Not atypically, I start the morning with links from the indispensable Mark Thoma.
1. Steven Randy Waldman waxes Austro-Keynesian. Read the whole thing. His peroration:
It is not technocratic economists who will win the day and pull us out of our cul-de-sac, but angry Irishmen and Spaniards who challenge, on moral terms, the right of German bankers to impose vast deadweight costs on current activity because they lent greedily into what might easily have been recognized as a property and credit bubble.
Predicting the outcome of a contest between technocratic economists and angry citizens is difficult. That is why Simon Johnson has to hedge his bets on the outcome of the euro crisis.
More financial firms — with none too big to fail — would mean less concentrated financial power, less concentrated risk and better access and service for American businesses and the public. Even if they were substantially smaller, the largest firms could continue to meet any global financial demand either directly or through syndication.
Sounds like the head of the Federal Reserve Bank of Kansas City wants to Break up the Banks.
READER COMMENTS
WFSmith
Dec 2 2010 at 8:54am
Agreeing with Mr.
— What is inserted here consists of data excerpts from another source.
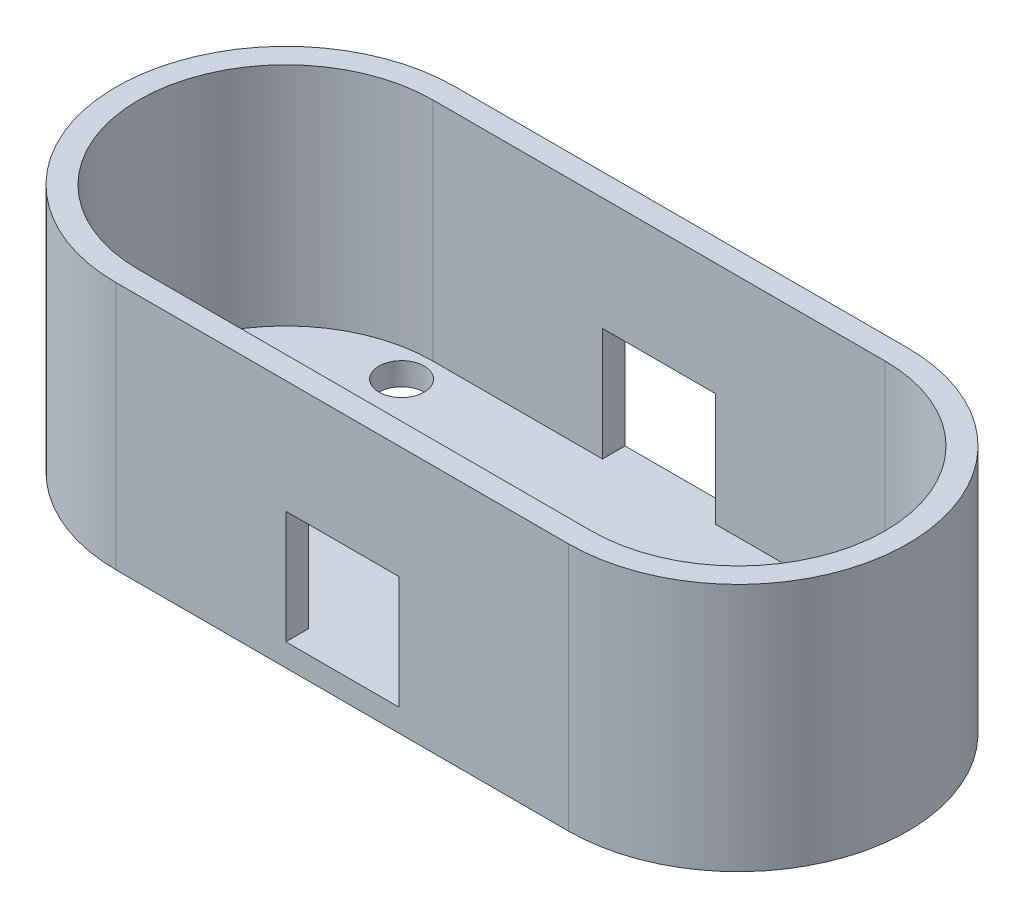
from build123d import *

# Parameters (mm, degrees)
BOSS_EXTRUDE1_DEPTH = 12.7
BOSS_EXTRUDE2_START = 1.27
BOSS_EXTRUDE2_DEPTH = 1.27
SKETCH4_W           = 6.35
SKETCH4_H           = 6.35
CUT_EXTRUDE1_DEPTH  = 42.760604941
CUT_EXTRUDE2_REACH  = 40.364
SKETCH5_R           = 1.27


with BuildPart() as part:
    # Sketch2 → Boss-Extrude1 (new body)
    with BuildSketch(Plane(origin=(0, 0, 0), x_dir=(1, 0, 0), z_dir=(0, 1, 0))):
        with BuildLine():
            Line((0, 9.525), (25.4, 9.525))
            ThreePointArc((25.4, 9.525), (34.925, 0), (25.4, -9.525))
            Line((25.4, -9.525), (0, -9.525))
            ThreePointArc((0, -9.525), (-9.525, 0), (0, 9.525))
        make_face()
        with BuildLine():
            Line((0, 8.255), (25.4, 8.255))
            ThreePointArc((25.4, 8.255), (33.655, 0), (25.4, -8.255))
            Line((25.4, -8.255), (0, -8.255))
            ThreePointArc((0, -8.255), (-8.255, 0), (0, 8.255))
        make_face(mode=Mode.SUBTRACT)
    extrude(amount=BOSS_EXTRUDE1_DEPTH)

    # Sketch3 → Boss-Extrude2 (add)
    with BuildSketch(Plane.XZ.offset(BOSS_EXTRUDE2_START)):
        with BuildLine():
            Line((0, 9.525), (25.4, 9.525))
            ThreePointArc((25.4, 9.525), (34.925, 0), (25.4, -9.525))
            Line((25.4, -9.525), (0, -9.525))
            ThreePointArc((0, -9.525), (-9.525, 0), (0, 9.525))
        make_face()
    extrude(amount=-BOSS_EXTRUDE2_DEPTH)

    # Sketch4 → Cut-Extrude1 (cut, through all)
    with BuildSketch(Plane.XY.offset(9.525)):
        with Locations((12.7, 3.175)):
            Rectangle(SKETCH4_W, SKETCH4_H)
    extrude(amount=-CUT_EXTRUDE1_DEPTH, mode=Mode.SUBTRACT)

    # Sketch5 → Cut-Extrude2 (cut, up to next)
    with BuildSketch(Plane(origin=(0, 0, 0), x_dir=(1, 0, 0), z_dir=(0, 1, 0)), mode=Mode.PRIVATE) as cut_extrude2_sk1:
        with Locations(Location((-6.12696281, 0, 0), (0, 0, 270))):
            Circle(SKETCH5_R)
    cut_extrude2_tool1 = extrude(cut_extrude2_sk1.sketch, amount=-CUT_EXTRUDE2_REACH, mode=Mode.PRIVATE) & part.part
    # Sketch5 → Cut-Extrude2 (cut, up to next)
    with BuildSketch(Plane(origin=(0, 0, 0), x_dir=(1, 0, 0), z_dir=(0, 1, 0)), mode=Mode.PRIVATE) as cut_extrude2_sk2:
        with Locations(Location((32.190803921, 0, 0), (0, 0, 270))):
            Circle(SKETCH5_R)
    cut_extrude2_tool2 = extrude(cut_extrude2_sk2.sketch, amount=-CUT_EXTRUDE2_REACH, mode=Mode.PRIVATE) & part.part
    # Sketch5 → Cut-Extrude2 (cut, up to next)
    with BuildSketch(Plane(origin=(0, 0, 0), x_dir=(1, 0, 0), z_dir=(0, 1, 0)), mode=Mode.PRIVATE) as cut_extrude2_sk3:
        with Locations(Location((0, 6.499696211, 0), (0, 0, 270))):
            Circle(SKETCH5_R)
    cut_extrude2_tool3 = extrude(cut_extrude2_sk3.sketch, amount=-CUT_EXTRUDE2_REACH, mode=Mode.PRIVATE) & part.part
    # Sketch5 → Cut-Extrude2 (cut, up to next)
    with BuildSketch(Plane(origin=(0, 0, 0), x_dir=(1, 0, 0), z_dir=(0, 1, 0)), mode=Mode.PRIVATE) as cut_extrude2_sk4:
        with Locations(Location((0, -5.991753651, 0), (0, 0, 270))):
            Circle(SKETCH5_R)
    cut_extrude2_tool4 = extrude(cut_extrude2_sk4.sketch, amount=-CUT_EXTRUDE2_REACH, mode=Mode.PRIVATE) & part.part
    # Sketch5 → Cut-Extrude2 (cut, up to next)
    with BuildSketch(Plane(origin=(0, 0, 0), x_dir=(1, 0, 0), z_dir=(0, 1, 0)), mode=Mode.PRIVATE) as cut_extrude2_sk5:
        with Locations(Location((26.63537738, 6.499696211, 0), (0, 0, 270))):
            Circle(SKETCH5_R)
    cut_extrude2_tool5 = extrude(cut_extrude2_sk5.sketch, amount=-CUT_EXTRUDE2_REACH, mode=Mode.PRIVATE) & part.part
    # Sketch5 → Cut-Extrude2 (cut, up to next)
    with BuildSketch(Plane(origin=(0, 0, 0), x_dir=(1, 0, 0), z_dir=(0, 1, 0)), mode=Mode.PRIVATE) as cut_extrude2_sk6:
        with Locations(Location((26.63537738, -5.991753651, 0), (0, 0, 270))):
            Circle(SKETCH5_R)
    cut_extrude2_tool6 = extrude(cut_extrude2_sk6.sketch, amount=-CUT_EXTRUDE2_REACH, mode=Mode.PRIVATE) & part.part
    add(cut_extrude2_tool1.solids().sort_by_distance((-6.126963, 0, 0))[0], mode=Mode.SUBTRACT)
    add(cut_extrude2_tool2.solids().sort_by_distance((32.190804, 0, 0))[0], mode=Mode.SUBTRACT)
    add(cut_extrude2_tool3.solids().sort_by_distance((0, 0, -6.499696))[0], mode=Mode.SUBTRACT)
    add(cut_extrude2_tool4.solids().sort_by_distance((0, 0, 5.991754))[0], mode=Mode.SUBTRACT)
    add(cut_extrude2_tool5.solids().sort_by_distance((26.635377, 0, -6.499696))[0], mode=Mode.SUBTRACT)
    add(cut_extrude2_tool6.solids().sort_by_distance((26.635377, 0, 5.991754))[0], mode=Mode.SUBTRACT)


solid = part.part

Hoenig: smaller banks.
Taking the idea one step further, less federal control and more state regulation throughout the entire spectrum of decision making and legislation. Allow state legislatures to compete with eachother in the arena for social and economic issues. Diversify the process.
Floccina
Dec 2 2010 at 10:01am
Smaller banks would make bailouts tougher but I think that we should work on the feedback problems in banking first. I think the feedback problem is the main problem. Lately I have started to think that there are feedback problems for banks while property prices are rising not just when they are going down.
Alex J.
Dec 2 2010 at 10:20am
Many smaller banks aren’t better than a few big ones if the small ones all fail at the same time for the same reasons. One small bank failure is obviously less bad than one big bank failure, but if the small banks face the same incentives as the big banks, they will behave in the same way.